Mittelalterliche Gerichtsstätte

Tho Solling B1

Tho Solling 2

´´Tho Sollinck``

Im 13. Jahrhundert besass die Heidener Freigrafschaft 15 Freistühle oder Dingstätten. Die im Gebiet des ´´Bramgau`` lagen. Also im Westlichen Münsterland und im Östlichen Holländischen Achterhoek. Ihre Aufgabe bestand in der Ahndung schwerer Strafbarer Handlungen wie Totschlag und Diebstahl. Ihm waren alle Stände , Hochadel, Adel, Freie und Hörige unter - worfen.

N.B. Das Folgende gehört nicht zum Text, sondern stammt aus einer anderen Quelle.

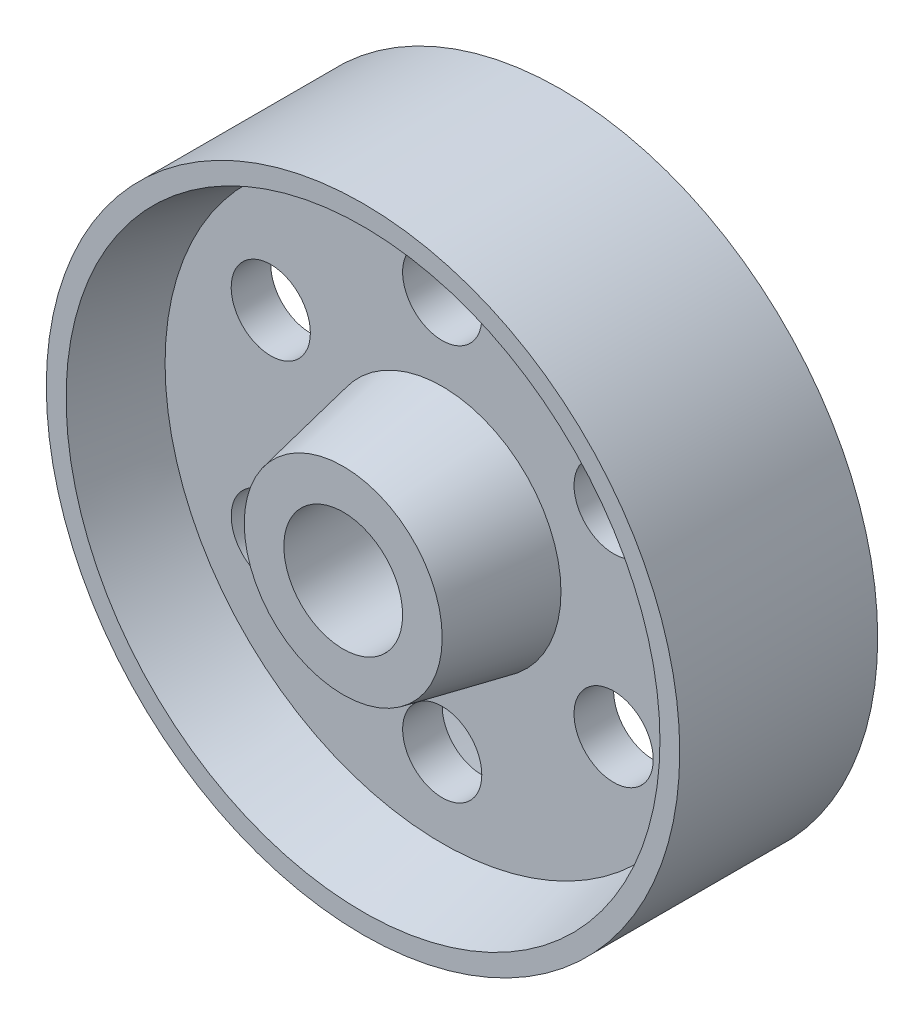
ISO-10303-21;
HEADER;
FILE_DESCRIPTION(('STEP AP214'),'2;1');
FILE_NAME('part.step','',(''),(''),'','','');
FILE_SCHEMA(('AUTOMOTIVE_DESIGN { 1 0 10303 214 1 1 1 1 }'));
ENDSEC;
DATA;
#1=APPLICATION_CONTEXT('core data for automotive mechanical design processes');
#2=APPLICATION_PROTOCOL_DEFINITION('international standard','automotive_design',2000,#1);
#3=PRODUCT_CONTEXT('',#1,'mechanical');
#4=PRODUCT('Part','Part','',(#3));
#5=PRODUCT_RELATED_PRODUCT_CATEGORY('part','',(#4));
#6=PRODUCT_DEFINITION_FORMATION('','',#4);
#7=PRODUCT_DEFINITION_CONTEXT('part definition',#1,'design');
#8=PRODUCT_DEFINITION('design','',#6,#7);
#9=PRODUCT_DEFINITION_SHAPE('','',#8);
#10=(LENGTH_UNIT() NAMED_UNIT(*) SI_UNIT(.MILLI.,.METRE.));
#11=(NAMED_UNIT(*) PLANE_ANGLE_UNIT() SI_UNIT($,.RADIAN.));
#12=(NAMED_UNIT(*) SI_UNIT($,.STERADIAN.) SOLID_ANGLE_UNIT());
#13=UNCERTAINTY_MEASURE_WITH_UNIT(LENGTH_MEASURE(1.E-05),#10,'distance_accuracy_value','');
#14=(GEOMETRIC_REPRESENTATION_CONTEXT(3) GLOBAL_UNCERTAINTY_ASSIGNED_CONTEXT((#13)) GLOBAL_UNIT_ASSIGNED_CONTEXT((#10,
#11,#12)) REPRESENTATION_CONTEXT('',''));
#15=CARTESIAN_POINT('',(0.,0.,0.));
#16=DIRECTION('',(0.,0.,1.));
#17=DIRECTION('',(1.,0.,0.));
#18=AXIS2_PLACEMENT_3D('',#15,#16,#17);
#19=CARTESIAN_POINT('',(0.,0.,37.3088610403316));
#20=DIRECTION('',(0.,0.,1.));
#21=DIRECTION('',(1.,0.,0.));
#22=AXIS2_PLACEMENT_3D('',#19,#20,#21);
#23=CYLINDRICAL_SURFACE('',#22,9.52500000000001);
#24=CARTESIAN_POINT('',(0.,0.,19.05));
#25=DIRECTION('',(0.,0.,1.));
#26=DIRECTION('',(1.,0.,0.));
#27=AXIS2_PLACEMENT_3D('',#24,#25,#26);
#28=CIRCLE('',#27,9.52500000000001);
#29=CARTESIAN_POINT('',(9.52500000000001,0.,19.05));
#30=VERTEX_POINT('',#29);
#31=EDGE_CURVE('E71',#30,#30,#28,.T.);
#32=ORIENTED_EDGE('',*,*,#31,.T.);
#33=EDGE_LOOP('',(#32));
#34=FACE_BOUND('',#33,.T.);
#35=CARTESIAN_POINT('',(0.,0.,-19.05));
#36=DIRECTION('',(0.,0.,1.));
#37=DIRECTION('',(1.,0.,0.));
#38=AXIS2_PLACEMENT_3D('',#35,#36,#37);
#39=CIRCLE('',#38,9.52500000000001);
#40=CARTESIAN_POINT('',(9.52500000000001,0.,-19.05));
#41=VERTEX_POINT('',#40);
#42=EDGE_CURVE('E10',#41,#41,#39,.T.);
#43=ORIENTED_EDGE('',*,*,#42,.F.);
#44=EDGE_LOOP('',(#43));
#45=FACE_BOUND('',#44,.T.);
#46=ADVANCED_FACE('F31',(#34,#45),#23,.F.);
#47=CARTESIAN_POINT('',(0.,0.,-19.05));
#48=DIRECTION('',(0.,0.,1.));
#49=DIRECTION('',(1.,0.,0.));
#50=AXIS2_PLACEMENT_3D('',#47,#48,#49);
#51=PLANE('',#50);
#52=CARTESIAN_POINT('',(0.,0.,-19.05));
#53=DIRECTION('',(0.,0.,1.));
#54=DIRECTION('',(1.,0.,0.));
#55=AXIS2_PLACEMENT_3D('',#52,#53,#54);
#56=CIRCLE('',#55,15.875);
#57=CARTESIAN_POINT('',(15.875,0.,-19.05));
#58=VERTEX_POINT('',#57);
#59=EDGE_CURVE('E37',#58,#58,#56,.T.);
#60=ORIENTED_EDGE('',*,*,#59,.F.);
#61=EDGE_LOOP('',(#60));
#62=FACE_BOUND('',#61,.T.);
#63=ORIENTED_EDGE('',*,*,#42,.T.);
#64=EDGE_LOOP('',(#63));
#65=FACE_BOUND('',#64,.T.);
#66=ADVANCED_FACE('F143',(#62,#65),#51,.F.);
#67=CARTESIAN_POINT('',(0.,0.,-19.05));
#68=DIRECTION('',(0.,0.,1.));
#69=DIRECTION('',(1.,0.,0.));
#70=AXIS2_PLACEMENT_3D('',#67,#68,#69);
#71=CONICAL_SURFACE('',#70,15.875,0.197395559849881);
#72=CARTESIAN_POINT('',(0.,0.,-3.175));
#73=DIRECTION('',(0.,0.,1.));
#74=DIRECTION('',(1.,0.,0.));
#75=AXIS2_PLACEMENT_3D('',#72,#73,#74);
#76=CIRCLE('',#75,19.05);
#77=CARTESIAN_POINT('',(19.05,0.,-3.175));
#78=VERTEX_POINT('',#77);
#79=EDGE_CURVE('E41',#78,#78,#76,.T.);
#80=ORIENTED_EDGE('',*,*,#79,.F.);
#81=EDGE_LOOP('',(#80));
#82=FACE_BOUND('',#81,.T.);
#83=ORIENTED_EDGE('',*,*,#59,.T.);
#84=EDGE_LOOP('',(#83));
#85=FACE_BOUND('',#84,.T.);
#86=ADVANCED_FACE('F147',(#82,#85),#71,.T.);
#87=CARTESIAN_POINT('',(0.,0.,-3.175));
#88=DIRECTION('',(0.,0.,1.));
#89=DIRECTION('',(1.,0.,0.));
#90=AXIS2_PLACEMENT_3D('',#87,#88,#89);
#91=PLANE('',#90);
#92=CARTESIAN_POINT('',(27.4963065701557,15.8750000000003,-3.175));
#93=DIRECTION('',(0.,0.,1.));
#94=DIRECTION('',(1.,0.,0.));
#95=AXIS2_PLACEMENT_3D('',#92,#93,#94);
#96=CIRCLE('',#95,6.35);
#97=CARTESIAN_POINT('',(33.8463065701557,15.8750000000003,-3.175));
#98=VERTEX_POINT('',#97);
#99=EDGE_CURVE('E80',#98,#98,#96,.T.);
#100=ORIENTED_EDGE('',*,*,#99,.T.);
#101=EDGE_LOOP('',(#100));
#102=FACE_BOUND('',#101,.T.);
#103=CARTESIAN_POINT('',(27.4963065701561,-15.8749999999997,-3.175));
#104=DIRECTION('',(0.,0.,1.));
#105=DIRECTION('',(1.,0.,0.));
#106=AXIS2_PLACEMENT_3D('',#103,#104,#105);
#107=CIRCLE('',#106,6.35);
#108=CARTESIAN_POINT('',(33.8463065701561,-15.8749999999997,-3.175));
#109=VERTEX_POINT('',#108);
#110=EDGE_CURVE('E83',#109,#109,#107,.T.);
#111=ORIENTED_EDGE('',*,*,#110,.T.);
#112=EDGE_LOOP('',(#111));
#113=FACE_BOUND('',#112,.T.);
#114=CARTESIAN_POINT('',(0.,-31.75,-3.175));
#115=DIRECTION('',(0.,0.,1.));
#116=DIRECTION('',(1.,0.,0.));
#117=AXIS2_PLACEMENT_3D('',#114,#115,#116);
#118=CIRCLE('',#117,6.35);
#119=CARTESIAN_POINT('',(6.35,-31.75,-3.175));
#120=VERTEX_POINT('',#119);
#121=EDGE_CURVE('E86',#120,#120,#118,.T.);
#122=ORIENTED_EDGE('',*,*,#121,.T.);
#123=EDGE_LOOP('',(#122));
#124=FACE_BOUND('',#123,.T.);
#125=CARTESIAN_POINT('',(-27.4963065701559,-15.8750000000001,-3.175));
#126=DIRECTION('',(0.,0.,1.));
#127=DIRECTION('',(1.,0.,0.));
#128=AXIS2_PLACEMENT_3D('',#125,#126,#127);
#129=CIRCLE('',#128,6.35);
#130=CARTESIAN_POINT('',(-21.1463065701559,-15.8750000000001,-3.175));
#131=VERTEX_POINT('',#130);
#132=EDGE_CURVE('E89',#131,#131,#129,.T.);
#133=ORIENTED_EDGE('',*,*,#132,.T.);
#134=EDGE_LOOP('',(#133));
#135=FACE_BOUND('',#134,.T.);
#136=CARTESIAN_POINT('',(-27.496306570156,15.8749999999999,-3.175));
#137=DIRECTION('',(0.,0.,1.));
#138=DIRECTION('',(1.,0.,0.));
#139=AXIS2_PLACEMENT_3D('',#136,#137,#138);
#140=CIRCLE('',#139,6.35);
#141=CARTESIAN_POINT('',(-21.146306570156,15.8749999999999,-3.175));
#142=VERTEX_POINT('',#141);
#143=EDGE_CURVE('E92',#142,#142,#140,.T.);
#144=ORIENTED_EDGE('',*,*,#143,.T.);
#145=EDGE_LOOP('',(#144));
#146=FACE_BOUND('',#145,.T.);
#147=CARTESIAN_POINT('',(0.,31.75,-3.175));
#148=DIRECTION('',(0.,0.,1.));
#149=DIRECTION('',(1.,0.,0.));
#150=AXIS2_PLACEMENT_3D('',#147,#148,#149);
#151=CIRCLE('',#150,6.35);
#152=CARTESIAN_POINT('',(6.35,31.75,-3.175));
#153=VERTEX_POINT('',#152);
#154=EDGE_CURVE('E74',#153,#153,#151,.T.);
#155=ORIENTED_EDGE('',*,*,#154,.T.);
#156=EDGE_LOOP('',(#155));
#157=FACE_BOUND('',#156,.T.);
#158=CARTESIAN_POINT('',(0.,0.,-3.175));
#159=DIRECTION('',(0.,0.,1.));
#160=DIRECTION('',(1.,0.,0.));
#161=AXIS2_PLACEMENT_3D('',#158,#159,#160);
#162=CIRCLE('',#161,44.45);
#163=CARTESIAN_POINT('',(44.45,0.,-3.175));
#164=VERTEX_POINT('',#163);
#165=EDGE_CURVE('E45',#164,#164,#162,.T.);
#166=ORIENTED_EDGE('',*,*,#165,.F.);
#167=EDGE_LOOP('',(#166));
#168=FACE_BOUND('',#167,.T.);
#169=ORIENTED_EDGE('',*,*,#79,.T.);
#170=EDGE_LOOP('',(#169));
#171=FACE_BOUND('',#170,.T.);
#172=ADVANCED_FACE('F152',(#102,#113,#124,#135,#146,#157,#168,#171),#91,.F.);
#173=CARTESIAN_POINT('',(0.,0.,-3.175));
#174=DIRECTION('',(0.,0.,-1.));
#175=DIRECTION('',(-1.,0.,0.));
#176=AXIS2_PLACEMENT_3D('',#173,#174,#175);
#177=CONICAL_SURFACE('',#176,44.45,0.244978663126864);
#178=CARTESIAN_POINT('',(0.,0.,-15.875));
#179=DIRECTION('',(0.,0.,1.));
#180=DIRECTION('',(1.,0.,0.));
#181=AXIS2_PLACEMENT_3D('',#178,#179,#180);
#182=CIRCLE('',#181,47.625);
#183=CARTESIAN_POINT('',(47.625,0.,-15.875));
#184=VERTEX_POINT('',#183);
#185=EDGE_CURVE('E50',#184,#184,#182,.T.);
#186=ORIENTED_EDGE('',*,*,#185,.F.);
#187=EDGE_LOOP('',(#186));
#188=FACE_BOUND('',#187,.T.);
#189=ORIENTED_EDGE('',*,*,#165,.T.);
#190=EDGE_LOOP('',(#189));
#191=FACE_BOUND('',#190,.T.);
#192=ADVANCED_FACE('F158',(#188,#191),#177,.F.);
#193=CARTESIAN_POINT('',(0.,0.,-15.875));
#194=DIRECTION('',(0.,0.,1.));
#195=DIRECTION('',(1.,0.,0.));
#196=AXIS2_PLACEMENT_3D('',#193,#194,#195);
#197=PLANE('',#196);
#198=CARTESIAN_POINT('',(0.,0.,-15.875));
#199=DIRECTION('',(0.,0.,1.));
#200=DIRECTION('',(1.,0.,0.));
#201=AXIS2_PLACEMENT_3D('',#198,#199,#200);
#202=CIRCLE('',#201,50.8);
#203=CARTESIAN_POINT('',(50.8,0.,-15.875));
#204=VERTEX_POINT('',#203);
#205=EDGE_CURVE('E53',#204,#204,#202,.T.);
#206=ORIENTED_EDGE('',*,*,#205,.F.);
#207=EDGE_LOOP('',(#206));
#208=FACE_BOUND('',#207,.T.);
#209=ORIENTED_EDGE('',*,*,#185,.T.);
#210=EDGE_LOOP('',(#209));
#211=FACE_BOUND('',#210,.T.);
#212=ADVANCED_FACE('F162',(#208,#211),#197,.F.);
#213=CARTESIAN_POINT('',(0.,0.,37.3088610403316));
#214=DIRECTION('',(0.,0.,1.));
#215=DIRECTION('',(1.,0.,0.));
#216=AXIS2_PLACEMENT_3D('',#213,#214,#215);
#217=CYLINDRICAL_SURFACE('',#216,50.8);
#218=ORIENTED_EDGE('',*,*,#205,.T.);
#219=EDGE_LOOP('',(#218));
#220=FACE_BOUND('',#219,.T.);
#221=CARTESIAN_POINT('',(0.,0.,15.875));
#222=DIRECTION('',(0.,0.,1.));
#223=DIRECTION('',(1.,0.,0.));
#224=AXIS2_PLACEMENT_3D('',#221,#222,#223);
#225=CIRCLE('',#224,50.8);
#226=CARTESIAN_POINT('',(50.8,0.,15.875));
#227=VERTEX_POINT('',#226);
#228=EDGE_CURVE('E56',#227,#227,#225,.T.);
#229=ORIENTED_EDGE('',*,*,#228,.F.);
#230=EDGE_LOOP('',(#229));
#231=FACE_BOUND('',#230,.T.);
#232=ADVANCED_FACE('F166',(#220,#231),#217,.T.);
#233=CARTESIAN_POINT('',(0.,0.,15.875));
#234=DIRECTION('',(0.,0.,1.));
#235=DIRECTION('',(1.,0.,0.));
#236=AXIS2_PLACEMENT_3D('',#233,#234,#235);
#237=PLANE('',#236);
#238=ORIENTED_EDGE('',*,*,#228,.T.);
#239=EDGE_LOOP('',(#238));
#240=FACE_BOUND('',#239,.T.);
#241=CARTESIAN_POINT('',(0.,0.,15.875));
#242=DIRECTION('',(0.,0.,1.));
#243=DIRECTION('',(1.,0.,0.));
#244=AXIS2_PLACEMENT_3D('',#241,#242,#243);
#245=CIRCLE('',#244,47.625);
#246=CARTESIAN_POINT('',(47.625,0.,15.875));
#247=VERTEX_POINT('',#246);
#248=EDGE_CURVE('E59',#247,#247,#245,.T.);
#249=ORIENTED_EDGE('',*,*,#248,.F.);
#250=EDGE_LOOP('',(#249));
#251=FACE_BOUND('',#250,.T.);
#252=ADVANCED_FACE('F170',(#240,#251),#237,.T.);
#253=CARTESIAN_POINT('',(0.,0.,3.175));
#254=DIRECTION('',(0.,0.,1.));
#255=DIRECTION('',(1.,0.,0.));
#256=AXIS2_PLACEMENT_3D('',#253,#254,#255);
#257=CONICAL_SURFACE('',#256,44.45,0.244978663126865);
#258=ORIENTED_EDGE('',*,*,#248,.T.);
#259=EDGE_LOOP('',(#258));
#260=FACE_BOUND('',#259,.T.);
#261=CARTESIAN_POINT('',(0.,0.,3.175));
#262=DIRECTION('',(0.,0.,1.));
#263=DIRECTION('',(1.,0.,0.));
#264=AXIS2_PLACEMENT_3D('',#261,#262,#263);
#265=CIRCLE('',#264,44.45);
#266=CARTESIAN_POINT('',(44.45,0.,3.175));
#267=VERTEX_POINT('',#266);
#268=EDGE_CURVE('E62',#267,#267,#265,.T.);
#269=ORIENTED_EDGE('',*,*,#268,.F.);
#270=EDGE_LOOP('',(#269));
#271=FACE_BOUND('',#270,.T.);
#272=ADVANCED_FACE('F118',(#260,#271),#257,.F.);
#273=CARTESIAN_POINT('',(0.,0.,3.175));
#274=DIRECTION('',(0.,0.,1.));
#275=DIRECTION('',(1.,0.,0.));
#276=AXIS2_PLACEMENT_3D('',#273,#274,#275);
#277=PLANE('',#276);
#278=CARTESIAN_POINT('',(27.4963065701557,15.8750000000003,3.175));
#279=DIRECTION('',(0.,0.,1.));
#280=DIRECTION('',(0.50000000000001,-0.866025403784433,0.));
#281=AXIS2_PLACEMENT_3D('',#278,#279,#280);
#282=CIRCLE('',#281,6.35);
#283=CARTESIAN_POINT('',(30.6713065701558,10.3757386859692,3.175));
#284=VERTEX_POINT('',#283);
#285=EDGE_CURVE('E99',#284,#284,#282,.T.);
#286=ORIENTED_EDGE('',*,*,#285,.F.);
#287=EDGE_LOOP('',(#286));
#288=FACE_BOUND('',#287,.T.);
#289=CARTESIAN_POINT('',(27.4963065701561,-15.8749999999997,3.175));
#290=DIRECTION('',(0.,0.,1.));
#291=DIRECTION('',(-0.499999999999992,-0.866025403784443,0.));
#292=AXIS2_PLACEMENT_3D('',#289,#290,#291);
#293=CIRCLE('',#292,6.35);
#294=CARTESIAN_POINT('',(24.3213065701561,-21.374261314031,3.175));
#295=VERTEX_POINT('',#294);
#296=EDGE_CURVE('E102',#295,#295,#293,.T.);
#297=ORIENTED_EDGE('',*,*,#296,.F.);
#298=EDGE_LOOP('',(#297));
#299=FACE_BOUND('',#298,.T.);
#300=CARTESIAN_POINT('',(0.,-31.75,3.175));
#301=DIRECTION('',(0.,0.,1.));
#302=DIRECTION('',(-1.,0.,0.));
#303=AXIS2_PLACEMENT_3D('',#300,#301,#302);
#304=CIRCLE('',#303,6.35);
#305=CARTESIAN_POINT('',(-6.35,-31.75,3.175));
#306=VERTEX_POINT('',#305);
#307=EDGE_CURVE('E105',#306,#306,#304,.T.);
#308=ORIENTED_EDGE('',*,*,#307,.F.);
#309=EDGE_LOOP('',(#308));
#310=FACE_BOUND('',#309,.T.);
#311=CARTESIAN_POINT('',(-27.4963065701559,-15.8750000000001,3.175));
#312=DIRECTION('',(0.,0.,1.));
#313=DIRECTION('',(-0.500000000000004,0.866025403784436,0.));
#314=AXIS2_PLACEMENT_3D('',#311,#312,#313);
#315=CIRCLE('',#314,6.35);
#316=CARTESIAN_POINT('',(-30.6713065701559,-10.375738685969,3.175));
#317=VERTEX_POINT('',#316);
#318=EDGE_CURVE('E98',#317,#317,#315,.T.);
#319=ORIENTED_EDGE('',*,*,#318,.F.);
#320=EDGE_LOOP('',(#319));
#321=FACE_BOUND('',#320,.T.);
#322=CARTESIAN_POINT('',(-27.496306570156,15.8749999999999,3.175));
#323=DIRECTION('',(0.,0.,1.));
#324=DIRECTION('',(0.499999999999998,0.86602540378444,0.));
#325=AXIS2_PLACEMENT_3D('',#322,#323,#324);
#326=CIRCLE('',#325,6.35);
#327=CARTESIAN_POINT('',(-24.321306570156,21.3742613140311,3.175));
#328=VERTEX_POINT('',#327);
#329=EDGE_CURVE('E95',#328,#328,#326,.T.);
#330=ORIENTED_EDGE('',*,*,#329,.F.);
#331=EDGE_LOOP('',(#330));
#332=FACE_BOUND('',#331,.T.);
#333=CARTESIAN_POINT('',(0.,31.75,3.175));
#334=DIRECTION('',(0.,0.,1.));
#335=DIRECTION('',(1.,0.,0.));
#336=AXIS2_PLACEMENT_3D('',#333,#334,#335);
#337=CIRCLE('',#336,6.35);
#338=CARTESIAN_POINT('',(6.35,31.75,3.175));
#339=VERTEX_POINT('',#338);
#340=EDGE_CURVE('E77',#339,#339,#337,.T.);
#341=ORIENTED_EDGE('',*,*,#340,.F.);
#342=EDGE_LOOP('',(#341));
#343=FACE_BOUND('',#342,.T.);
#344=ORIENTED_EDGE('',*,*,#268,.T.);
#345=EDGE_LOOP('',(#344));
#346=FACE_BOUND('',#345,.T.);
#347=CARTESIAN_POINT('',(0.,0.,3.175));
#348=DIRECTION('',(0.,0.,1.));
#349=DIRECTION('',(1.,0.,0.));
#350=AXIS2_PLACEMENT_3D('',#347,#348,#349);
#351=CIRCLE('',#350,19.05);
#352=CARTESIAN_POINT('',(19.05,0.,3.175));
#353=VERTEX_POINT('',#352);
#354=EDGE_CURVE('E65',#353,#353,#351,.T.);
#355=ORIENTED_EDGE('',*,*,#354,.F.);
#356=EDGE_LOOP('',(#355));
#357=FACE_BOUND('',#356,.T.);
#358=ADVANCED_FACE('F114',(#288,#299,#310,#321,#332,#343,#346,#357),#277,.T.);
#359=CARTESIAN_POINT('',(0.,0.,19.05));
#360=DIRECTION('',(0.,0.,-1.));
#361=DIRECTION('',(-1.,0.,0.));
#362=AXIS2_PLACEMENT_3D('',#359,#360,#361);
#363=CONICAL_SURFACE('',#362,15.875,0.197395559849881);
#364=ORIENTED_EDGE('',*,*,#354,.T.);
#365=EDGE_LOOP('',(#364));
#366=FACE_BOUND('',#365,.T.);
#367=CARTESIAN_POINT('',(0.,0.,19.05));
#368=DIRECTION('',(0.,0.,1.));
#369=DIRECTION('',(1.,0.,0.));
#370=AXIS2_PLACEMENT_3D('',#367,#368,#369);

Zunächst leiteten die Herren von Heiden selbst das Grafengericht. Mitte des 13. Jahrhunderts leistete der erste Freie Bauer Rotterdinck den Schöffeneid vor dem Blanken Schwert und dem Weidenstrang, und 1363 Stand der erste Heidener Freigraf, Der Freie Bauer Herm Wyking an der Spitze des Freigerichts.

NUR UNBSCHOLTENE, FREIGEBORENE MÄNNER KONNTEN FREISCHÖFFEN ODER WISSENDE SEIN. SIE ERKANNTEN SICH AN HEIMLICHEN LOSUNGSWORTEN UND ZEICHEN. SIE DURFTEN KEINE MITTEILUNGEN AUS DEM GEHEIMEN SITZUNGEN MACHEN: DEM VERRÄTER SOLLTEN ´´ DIE ZUNGE HINTEN AUS DEM NACKEN GEWUNDEN WERDEN ``. DER FREIGRAF WURDE VON DEN HERREN VON HEIDEN ERNANNT UND MUSSTE VOM KÖNIG BESTÄTIGT WERDEN: DIESER VERLIEH DEN ´´ KÖNIGSBANN ``. DIE RICHTERLICHE GEWALT. IM NAMEN DES KÖNIGS RECHT ZU SPRECHEN. FRAUEN KONNTEN NICHT FREISCHÖFFEN WERDEN.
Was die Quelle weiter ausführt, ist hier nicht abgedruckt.